Exactly the lines from the beginning of the listing below through the line that contains "blk = doc.blocks.new('DEVICE HEADER')" should be transcribed, and pictures must stay out.

Exercise inputs Start Marker

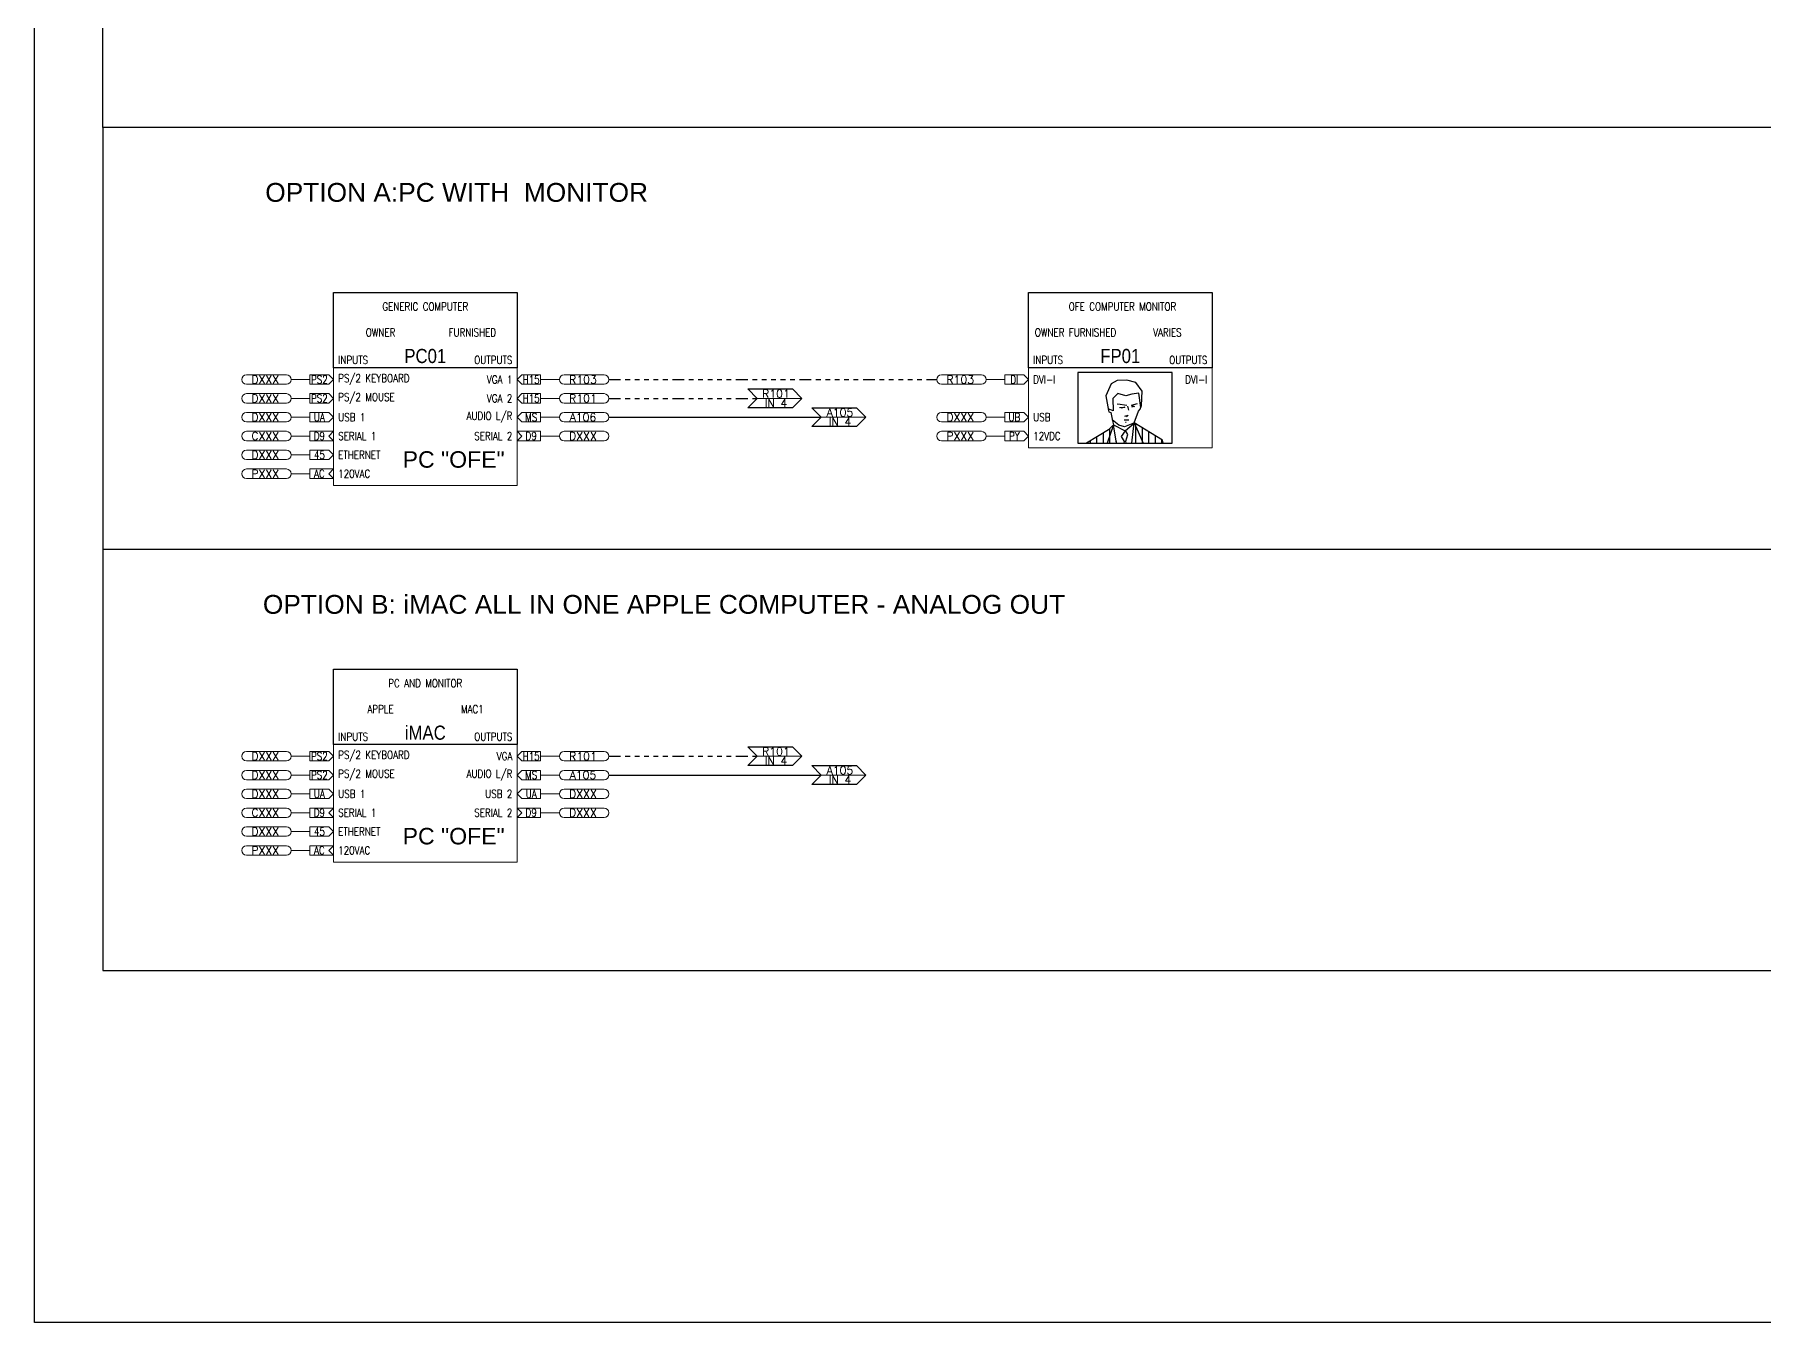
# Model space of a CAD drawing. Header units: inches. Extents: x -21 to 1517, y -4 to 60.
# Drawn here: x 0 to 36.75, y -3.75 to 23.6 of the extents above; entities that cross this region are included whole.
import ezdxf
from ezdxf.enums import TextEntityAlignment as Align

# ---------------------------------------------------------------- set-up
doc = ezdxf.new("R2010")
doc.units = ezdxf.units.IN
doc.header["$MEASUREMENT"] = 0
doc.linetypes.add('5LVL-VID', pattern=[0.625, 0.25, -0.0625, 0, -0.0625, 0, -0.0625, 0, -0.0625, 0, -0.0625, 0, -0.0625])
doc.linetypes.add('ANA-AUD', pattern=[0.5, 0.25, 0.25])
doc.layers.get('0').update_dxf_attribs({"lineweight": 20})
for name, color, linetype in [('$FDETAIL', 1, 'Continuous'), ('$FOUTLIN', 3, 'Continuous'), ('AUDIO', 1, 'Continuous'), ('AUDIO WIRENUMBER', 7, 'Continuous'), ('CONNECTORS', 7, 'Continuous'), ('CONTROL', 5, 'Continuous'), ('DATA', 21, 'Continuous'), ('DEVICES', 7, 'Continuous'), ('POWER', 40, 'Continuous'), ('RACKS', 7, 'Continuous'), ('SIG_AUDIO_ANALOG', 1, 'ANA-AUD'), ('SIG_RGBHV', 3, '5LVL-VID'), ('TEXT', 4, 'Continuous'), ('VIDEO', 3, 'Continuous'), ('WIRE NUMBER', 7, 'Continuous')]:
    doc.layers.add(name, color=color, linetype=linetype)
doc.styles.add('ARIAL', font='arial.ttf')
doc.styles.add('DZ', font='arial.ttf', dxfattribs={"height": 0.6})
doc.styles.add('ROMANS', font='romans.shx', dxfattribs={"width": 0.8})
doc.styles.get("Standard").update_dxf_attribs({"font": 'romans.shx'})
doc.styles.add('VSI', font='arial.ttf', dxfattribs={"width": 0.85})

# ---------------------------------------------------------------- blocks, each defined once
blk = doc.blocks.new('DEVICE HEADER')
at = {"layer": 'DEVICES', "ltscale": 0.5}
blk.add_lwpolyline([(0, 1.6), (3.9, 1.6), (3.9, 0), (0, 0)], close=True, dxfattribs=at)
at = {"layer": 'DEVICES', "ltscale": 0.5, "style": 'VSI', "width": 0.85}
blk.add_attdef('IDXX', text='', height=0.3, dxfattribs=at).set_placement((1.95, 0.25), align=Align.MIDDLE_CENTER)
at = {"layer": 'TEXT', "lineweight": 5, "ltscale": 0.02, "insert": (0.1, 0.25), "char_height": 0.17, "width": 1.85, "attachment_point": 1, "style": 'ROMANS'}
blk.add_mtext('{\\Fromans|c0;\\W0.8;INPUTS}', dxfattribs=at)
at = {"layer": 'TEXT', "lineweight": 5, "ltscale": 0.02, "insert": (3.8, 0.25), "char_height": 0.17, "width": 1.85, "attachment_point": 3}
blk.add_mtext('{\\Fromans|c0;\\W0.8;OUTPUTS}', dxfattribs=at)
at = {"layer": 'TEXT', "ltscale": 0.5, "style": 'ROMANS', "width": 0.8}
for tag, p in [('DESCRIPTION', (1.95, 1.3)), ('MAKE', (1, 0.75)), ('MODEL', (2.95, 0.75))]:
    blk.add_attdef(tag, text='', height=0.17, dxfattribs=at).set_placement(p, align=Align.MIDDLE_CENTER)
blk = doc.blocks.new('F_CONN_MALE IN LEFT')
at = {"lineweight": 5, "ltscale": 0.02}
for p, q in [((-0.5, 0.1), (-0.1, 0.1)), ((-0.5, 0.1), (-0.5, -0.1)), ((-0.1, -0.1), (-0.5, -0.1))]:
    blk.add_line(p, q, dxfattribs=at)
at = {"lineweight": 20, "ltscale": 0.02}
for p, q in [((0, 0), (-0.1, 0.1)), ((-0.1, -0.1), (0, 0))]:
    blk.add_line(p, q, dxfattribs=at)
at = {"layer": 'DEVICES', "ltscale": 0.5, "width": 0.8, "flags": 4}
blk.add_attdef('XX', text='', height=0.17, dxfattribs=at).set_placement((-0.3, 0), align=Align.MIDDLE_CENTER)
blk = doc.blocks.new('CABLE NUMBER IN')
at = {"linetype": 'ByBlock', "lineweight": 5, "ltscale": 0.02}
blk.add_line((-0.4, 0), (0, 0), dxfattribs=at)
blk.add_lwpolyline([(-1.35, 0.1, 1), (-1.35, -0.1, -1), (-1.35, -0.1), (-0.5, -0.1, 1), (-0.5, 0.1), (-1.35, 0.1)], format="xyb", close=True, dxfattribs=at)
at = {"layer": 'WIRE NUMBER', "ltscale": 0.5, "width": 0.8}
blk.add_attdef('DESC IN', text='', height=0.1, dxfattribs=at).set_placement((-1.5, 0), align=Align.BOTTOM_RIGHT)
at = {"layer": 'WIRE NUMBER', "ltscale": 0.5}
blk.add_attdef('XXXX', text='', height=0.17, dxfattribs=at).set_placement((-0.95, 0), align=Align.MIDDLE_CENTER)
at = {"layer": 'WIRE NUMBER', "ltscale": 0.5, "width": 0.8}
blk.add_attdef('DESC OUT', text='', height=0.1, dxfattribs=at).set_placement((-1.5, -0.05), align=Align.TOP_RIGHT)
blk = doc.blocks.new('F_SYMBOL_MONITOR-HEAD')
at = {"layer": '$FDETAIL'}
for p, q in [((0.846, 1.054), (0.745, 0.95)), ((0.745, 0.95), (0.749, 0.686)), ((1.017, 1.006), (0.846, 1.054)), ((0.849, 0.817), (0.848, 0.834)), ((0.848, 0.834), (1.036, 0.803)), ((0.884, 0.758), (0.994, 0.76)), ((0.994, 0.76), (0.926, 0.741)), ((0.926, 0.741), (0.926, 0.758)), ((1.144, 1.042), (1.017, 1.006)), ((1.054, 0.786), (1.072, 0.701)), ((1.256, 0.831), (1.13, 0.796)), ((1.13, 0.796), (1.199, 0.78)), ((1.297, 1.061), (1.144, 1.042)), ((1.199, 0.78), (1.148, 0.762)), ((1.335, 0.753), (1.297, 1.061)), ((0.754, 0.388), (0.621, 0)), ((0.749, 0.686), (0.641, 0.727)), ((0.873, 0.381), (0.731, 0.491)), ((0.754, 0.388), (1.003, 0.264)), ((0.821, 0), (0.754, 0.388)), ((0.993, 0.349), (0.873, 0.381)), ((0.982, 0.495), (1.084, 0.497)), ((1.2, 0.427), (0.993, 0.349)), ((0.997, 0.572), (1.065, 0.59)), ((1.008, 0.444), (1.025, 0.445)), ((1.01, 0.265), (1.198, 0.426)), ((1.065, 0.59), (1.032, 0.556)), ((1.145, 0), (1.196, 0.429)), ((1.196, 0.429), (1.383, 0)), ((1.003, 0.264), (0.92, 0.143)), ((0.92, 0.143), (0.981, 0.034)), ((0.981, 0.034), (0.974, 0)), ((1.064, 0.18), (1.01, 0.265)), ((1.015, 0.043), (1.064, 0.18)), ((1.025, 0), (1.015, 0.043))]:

Exercise inputs End Marker

_Answer below:_
# Model space of a CAD drawing. Header units: inches. Extents: x -21 to 1517, y -4 to 60.
# Drawn here: x 0 to 36.75, y -3.75 to 23.6 of the extents above; entities that cross this region are included whole.
import ezdxf
from ezdxf.enums import TextEntityAlignment as Align

# ---------------------------------------------------------------- set-up
doc = ezdxf.new("R2010")
doc.units = ezdxf.units.IN
doc.header["$MEASUREMENT"] = 0
doc.linetypes.add('5LVL-VID', pattern=[0.625, 0.25, -0.0625, 0, -0.0625, 0, -0.0625, 0, -0.0625, 0, -0.0625, 0, -0.0625])
doc.linetypes.add('ANA-AUD', pattern=[0.5, 0.25, 0.25])
doc.layers.get('0').update_dxf_attribs({"lineweight": 20})
for name, color, linetype in [('$FDETAIL', 1, 'Continuous'), ('$FOUTLIN', 3, 'Continuous'), ('AUDIO', 1, 'Continuous'), ('AUDIO WIRENUMBER', 7, 'Continuous'), ('CONNECTORS', 7, 'Continuous'), ('CONTROL', 5, 'Continuous'), ('DATA', 21, 'Continuous'), ('DEVICES', 7, 'Continuous'), ('POWER', 40, 'Continuous'), ('RACKS', 7, 'Continuous'), ('SIG_AUDIO_ANALOG', 1, 'ANA-AUD'), ('SIG_RGBHV', 3, '5LVL-VID'), ('TEXT', 4, 'Continuous'), ('VIDEO', 3, 'Continuous'), ('WIRE NUMBER', 7, 'Continuous')]:
    doc.layers.add(name, color=color, linetype=linetype)
doc.styles.add('ARIAL', font='arial.ttf')
doc.styles.add('DZ', font='arial.ttf', dxfattribs={"height": 0.6})
doc.styles.add('ROMANS', font='romans.shx', dxfattribs={"width": 0.8})
doc.styles.get("Standard").update_dxf_attribs({"font": 'romans.shx'})
doc.styles.add('VSI', font='arial.ttf', dxfattribs={"width": 0.85})

# ---------------------------------------------------------------- blocks, each defined once
blk = doc.blocks.new('DEVICE HEADER')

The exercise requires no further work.